When testing or debugging a tree routine, test cases should cover the above options. For non-emptyTree trees, it may be appropriate to try a tree of a "few" nodes and a tree of a single node. As usual it is invaluable to write the output routine first. The most common problems are: . unassigned pointers, particularly those that should be emptyTree, . lost pointer values through a wrong ordering of operations, . knotted pointers maybe introducing a cycle, . side-effects through shared pointers, intentional or otherwise.
The coding of reasonably complex routines such as those on AVL trees is prone to small typographical errors. Nothing can beat careful proof reading but one good testing trick is to use a set of ascending data and then its reversal in which case the mirror image tree should be produced. This test is not sufficient on its own! It is important to exercise all the paths through a complex routine and this requires a great deal of thought.
Exercises
- Classify tree operations (height, weight, min_element, max_element, flatten, insert, lookup, delete, pre,- in- and post-order traversal) on unordered binary trees and on search trees as either linear or binary recursive. Note that a linear-recursive operation may contain two or more calls on itself but only ever execute at most one of them under the control of an if statement.

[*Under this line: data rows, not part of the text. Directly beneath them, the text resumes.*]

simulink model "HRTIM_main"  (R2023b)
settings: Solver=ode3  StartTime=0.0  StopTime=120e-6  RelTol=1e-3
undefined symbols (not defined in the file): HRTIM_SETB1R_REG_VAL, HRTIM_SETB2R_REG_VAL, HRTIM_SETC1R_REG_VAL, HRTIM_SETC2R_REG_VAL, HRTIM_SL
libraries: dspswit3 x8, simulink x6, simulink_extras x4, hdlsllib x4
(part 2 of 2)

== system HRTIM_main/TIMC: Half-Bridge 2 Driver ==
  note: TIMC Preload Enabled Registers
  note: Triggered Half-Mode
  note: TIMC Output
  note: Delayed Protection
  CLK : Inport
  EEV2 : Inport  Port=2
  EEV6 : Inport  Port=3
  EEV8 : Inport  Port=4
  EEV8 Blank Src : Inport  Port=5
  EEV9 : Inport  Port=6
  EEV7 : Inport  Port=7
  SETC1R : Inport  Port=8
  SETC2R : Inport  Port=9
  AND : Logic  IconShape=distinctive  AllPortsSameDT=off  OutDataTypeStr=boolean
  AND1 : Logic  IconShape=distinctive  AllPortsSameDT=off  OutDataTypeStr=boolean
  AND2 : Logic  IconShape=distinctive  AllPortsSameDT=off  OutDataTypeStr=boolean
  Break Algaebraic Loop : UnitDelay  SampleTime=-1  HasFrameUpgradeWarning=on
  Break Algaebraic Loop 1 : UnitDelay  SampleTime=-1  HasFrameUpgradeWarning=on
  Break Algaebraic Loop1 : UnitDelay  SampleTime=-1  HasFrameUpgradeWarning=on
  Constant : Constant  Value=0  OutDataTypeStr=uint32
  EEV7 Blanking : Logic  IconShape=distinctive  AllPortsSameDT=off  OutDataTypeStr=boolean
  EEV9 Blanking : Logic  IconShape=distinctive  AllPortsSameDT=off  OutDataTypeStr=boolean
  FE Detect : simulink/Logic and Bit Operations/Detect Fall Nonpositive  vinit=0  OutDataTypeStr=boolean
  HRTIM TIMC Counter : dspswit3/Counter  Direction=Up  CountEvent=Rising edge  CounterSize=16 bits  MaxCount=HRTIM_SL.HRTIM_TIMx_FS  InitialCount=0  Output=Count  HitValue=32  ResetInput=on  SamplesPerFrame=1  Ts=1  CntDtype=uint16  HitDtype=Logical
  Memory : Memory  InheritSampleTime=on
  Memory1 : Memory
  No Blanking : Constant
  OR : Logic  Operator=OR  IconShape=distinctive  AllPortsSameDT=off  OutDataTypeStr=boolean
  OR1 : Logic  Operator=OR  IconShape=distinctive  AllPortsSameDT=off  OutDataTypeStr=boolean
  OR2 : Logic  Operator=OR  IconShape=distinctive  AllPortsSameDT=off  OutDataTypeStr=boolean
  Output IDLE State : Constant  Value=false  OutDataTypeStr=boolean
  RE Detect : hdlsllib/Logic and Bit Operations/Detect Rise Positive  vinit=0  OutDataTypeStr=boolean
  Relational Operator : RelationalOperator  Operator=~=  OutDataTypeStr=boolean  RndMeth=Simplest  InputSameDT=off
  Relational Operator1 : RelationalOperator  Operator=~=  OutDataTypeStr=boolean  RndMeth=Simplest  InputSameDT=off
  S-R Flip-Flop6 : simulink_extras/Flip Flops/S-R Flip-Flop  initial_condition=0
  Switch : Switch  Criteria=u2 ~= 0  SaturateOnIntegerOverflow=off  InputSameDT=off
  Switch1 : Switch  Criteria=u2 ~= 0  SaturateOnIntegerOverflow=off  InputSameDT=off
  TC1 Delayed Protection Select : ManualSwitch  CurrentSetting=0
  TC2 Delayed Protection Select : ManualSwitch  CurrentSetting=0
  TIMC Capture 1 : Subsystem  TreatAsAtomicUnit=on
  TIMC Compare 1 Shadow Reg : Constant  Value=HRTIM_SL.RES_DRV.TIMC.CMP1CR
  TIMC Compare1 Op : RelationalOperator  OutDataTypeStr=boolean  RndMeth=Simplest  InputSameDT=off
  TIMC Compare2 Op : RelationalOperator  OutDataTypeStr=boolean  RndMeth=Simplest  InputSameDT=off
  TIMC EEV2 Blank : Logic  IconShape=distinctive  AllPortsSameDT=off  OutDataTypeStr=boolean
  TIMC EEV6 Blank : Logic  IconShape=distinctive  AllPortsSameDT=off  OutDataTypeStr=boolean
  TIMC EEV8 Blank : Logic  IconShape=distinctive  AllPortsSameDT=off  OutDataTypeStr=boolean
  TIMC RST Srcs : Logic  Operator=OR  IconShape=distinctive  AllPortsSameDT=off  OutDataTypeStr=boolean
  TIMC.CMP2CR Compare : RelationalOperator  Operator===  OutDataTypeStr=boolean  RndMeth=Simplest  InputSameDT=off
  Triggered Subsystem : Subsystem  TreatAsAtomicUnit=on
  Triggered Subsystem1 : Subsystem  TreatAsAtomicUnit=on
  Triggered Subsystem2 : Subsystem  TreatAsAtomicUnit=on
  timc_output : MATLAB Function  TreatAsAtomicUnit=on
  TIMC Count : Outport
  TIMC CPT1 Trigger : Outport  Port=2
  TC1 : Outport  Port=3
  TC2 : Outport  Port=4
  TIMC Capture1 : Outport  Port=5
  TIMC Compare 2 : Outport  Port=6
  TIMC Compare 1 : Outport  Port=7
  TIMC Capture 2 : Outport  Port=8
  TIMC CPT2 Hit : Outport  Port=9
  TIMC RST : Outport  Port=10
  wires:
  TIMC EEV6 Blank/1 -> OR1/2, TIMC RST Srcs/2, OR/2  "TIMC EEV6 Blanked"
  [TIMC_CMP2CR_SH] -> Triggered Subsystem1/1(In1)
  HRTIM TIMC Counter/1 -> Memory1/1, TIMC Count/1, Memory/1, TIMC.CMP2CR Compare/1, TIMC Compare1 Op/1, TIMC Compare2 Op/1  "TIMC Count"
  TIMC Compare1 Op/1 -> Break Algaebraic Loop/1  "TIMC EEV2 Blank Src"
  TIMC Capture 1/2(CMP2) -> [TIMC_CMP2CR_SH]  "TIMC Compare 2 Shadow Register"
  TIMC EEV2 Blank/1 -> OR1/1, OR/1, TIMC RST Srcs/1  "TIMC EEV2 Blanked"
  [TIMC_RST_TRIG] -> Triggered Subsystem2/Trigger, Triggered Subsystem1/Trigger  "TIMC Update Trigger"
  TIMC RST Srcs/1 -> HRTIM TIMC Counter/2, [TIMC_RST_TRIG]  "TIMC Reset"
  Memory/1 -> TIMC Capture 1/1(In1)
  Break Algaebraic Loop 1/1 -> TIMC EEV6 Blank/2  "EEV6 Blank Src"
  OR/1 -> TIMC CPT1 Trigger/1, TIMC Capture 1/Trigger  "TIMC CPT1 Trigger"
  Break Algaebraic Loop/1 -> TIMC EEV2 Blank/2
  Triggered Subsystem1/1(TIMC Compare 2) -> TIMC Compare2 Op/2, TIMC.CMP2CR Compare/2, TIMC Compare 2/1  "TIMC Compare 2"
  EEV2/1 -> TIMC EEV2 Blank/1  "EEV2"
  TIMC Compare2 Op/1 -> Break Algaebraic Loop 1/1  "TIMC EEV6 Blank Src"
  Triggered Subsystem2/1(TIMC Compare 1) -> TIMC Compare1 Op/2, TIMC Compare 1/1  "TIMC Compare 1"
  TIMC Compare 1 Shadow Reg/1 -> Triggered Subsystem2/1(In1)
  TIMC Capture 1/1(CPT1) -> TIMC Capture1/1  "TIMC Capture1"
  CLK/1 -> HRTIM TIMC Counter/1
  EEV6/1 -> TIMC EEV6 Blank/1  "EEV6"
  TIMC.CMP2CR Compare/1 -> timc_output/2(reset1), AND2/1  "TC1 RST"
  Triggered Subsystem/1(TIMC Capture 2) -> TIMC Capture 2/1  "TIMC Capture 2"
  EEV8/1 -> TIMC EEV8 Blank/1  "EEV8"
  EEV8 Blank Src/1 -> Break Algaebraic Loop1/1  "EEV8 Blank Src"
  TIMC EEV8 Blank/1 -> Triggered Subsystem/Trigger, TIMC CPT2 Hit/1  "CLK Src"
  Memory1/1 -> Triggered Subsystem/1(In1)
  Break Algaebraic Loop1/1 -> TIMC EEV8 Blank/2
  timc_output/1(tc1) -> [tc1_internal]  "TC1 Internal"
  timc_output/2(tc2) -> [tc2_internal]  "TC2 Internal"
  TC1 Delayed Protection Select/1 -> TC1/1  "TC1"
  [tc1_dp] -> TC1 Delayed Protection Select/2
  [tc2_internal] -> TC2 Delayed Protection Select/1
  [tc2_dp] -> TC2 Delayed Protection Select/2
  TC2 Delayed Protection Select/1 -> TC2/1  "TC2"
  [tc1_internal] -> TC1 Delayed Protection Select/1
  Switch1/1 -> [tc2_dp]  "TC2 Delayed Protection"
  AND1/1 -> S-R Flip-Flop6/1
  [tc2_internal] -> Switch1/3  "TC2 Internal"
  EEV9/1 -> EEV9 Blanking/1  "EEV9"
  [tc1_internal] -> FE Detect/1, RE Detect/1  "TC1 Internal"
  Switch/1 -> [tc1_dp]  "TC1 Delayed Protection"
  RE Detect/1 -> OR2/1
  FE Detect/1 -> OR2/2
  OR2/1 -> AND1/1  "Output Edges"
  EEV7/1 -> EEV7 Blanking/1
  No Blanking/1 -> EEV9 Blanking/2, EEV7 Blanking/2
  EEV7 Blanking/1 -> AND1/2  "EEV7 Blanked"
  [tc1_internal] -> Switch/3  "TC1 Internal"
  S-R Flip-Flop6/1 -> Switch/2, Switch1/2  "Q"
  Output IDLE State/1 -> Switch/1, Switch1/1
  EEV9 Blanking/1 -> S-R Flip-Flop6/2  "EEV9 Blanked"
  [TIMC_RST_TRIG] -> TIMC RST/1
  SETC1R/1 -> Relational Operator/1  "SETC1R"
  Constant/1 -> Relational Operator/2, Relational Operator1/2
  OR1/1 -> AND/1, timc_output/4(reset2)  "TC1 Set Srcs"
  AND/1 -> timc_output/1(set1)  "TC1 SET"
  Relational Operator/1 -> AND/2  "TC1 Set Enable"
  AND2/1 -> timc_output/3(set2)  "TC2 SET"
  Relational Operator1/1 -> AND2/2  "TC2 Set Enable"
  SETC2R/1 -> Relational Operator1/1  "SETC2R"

Write iterative versions of one or more of the linear operations.
- Add a full set of operators +, -, *, / to the expression parser.
- Write a routine to traverse the expression parse tree to generate reverse Polish code. eg. a*b+c*d ---> a b * c d * +
- Write a routine to do symbolic differentiation.
Input is the parse tree of an arithmetic expression
which may contain numerals, variables {x, y, ...}, + and *.
Output is the tree of the expression
that is the result of differentiation with respect
to a given variable.
- Use the rules:
- diff(x, x) = 1
- diff(y, x) = 0 if y is a constant or a variable different from x
- diff(A+B, x) = diff(A,x)+diff(B,x)
- diff(A*B, x) = A*diff(B,x)+diff(A,x)*B
- Write a routine to free all of the nodes in a binary tree. Count the number of new and free operations and check that they are equal.
- Write a routine to collect only the elements in all the leaf nodes of a binary tree into a list.
- The path of a node in a tree is the sequence of elements contained in nodes from the root, down to and including the node itself. Give a procedure to print the path of every leaf node in a tree.
- A height-balanced tree is not necessarily full or weight-balanced. How un-weight-balanced can one be? ie. What is the minimum possible number `n' of nodes in a height-balanced tree for height h=1, 2, ..., 8. Is there a pattern? How does n compare with the value 2h-1 for a full tree?
- (Hard) Implement a delete operation for height-balanced trees.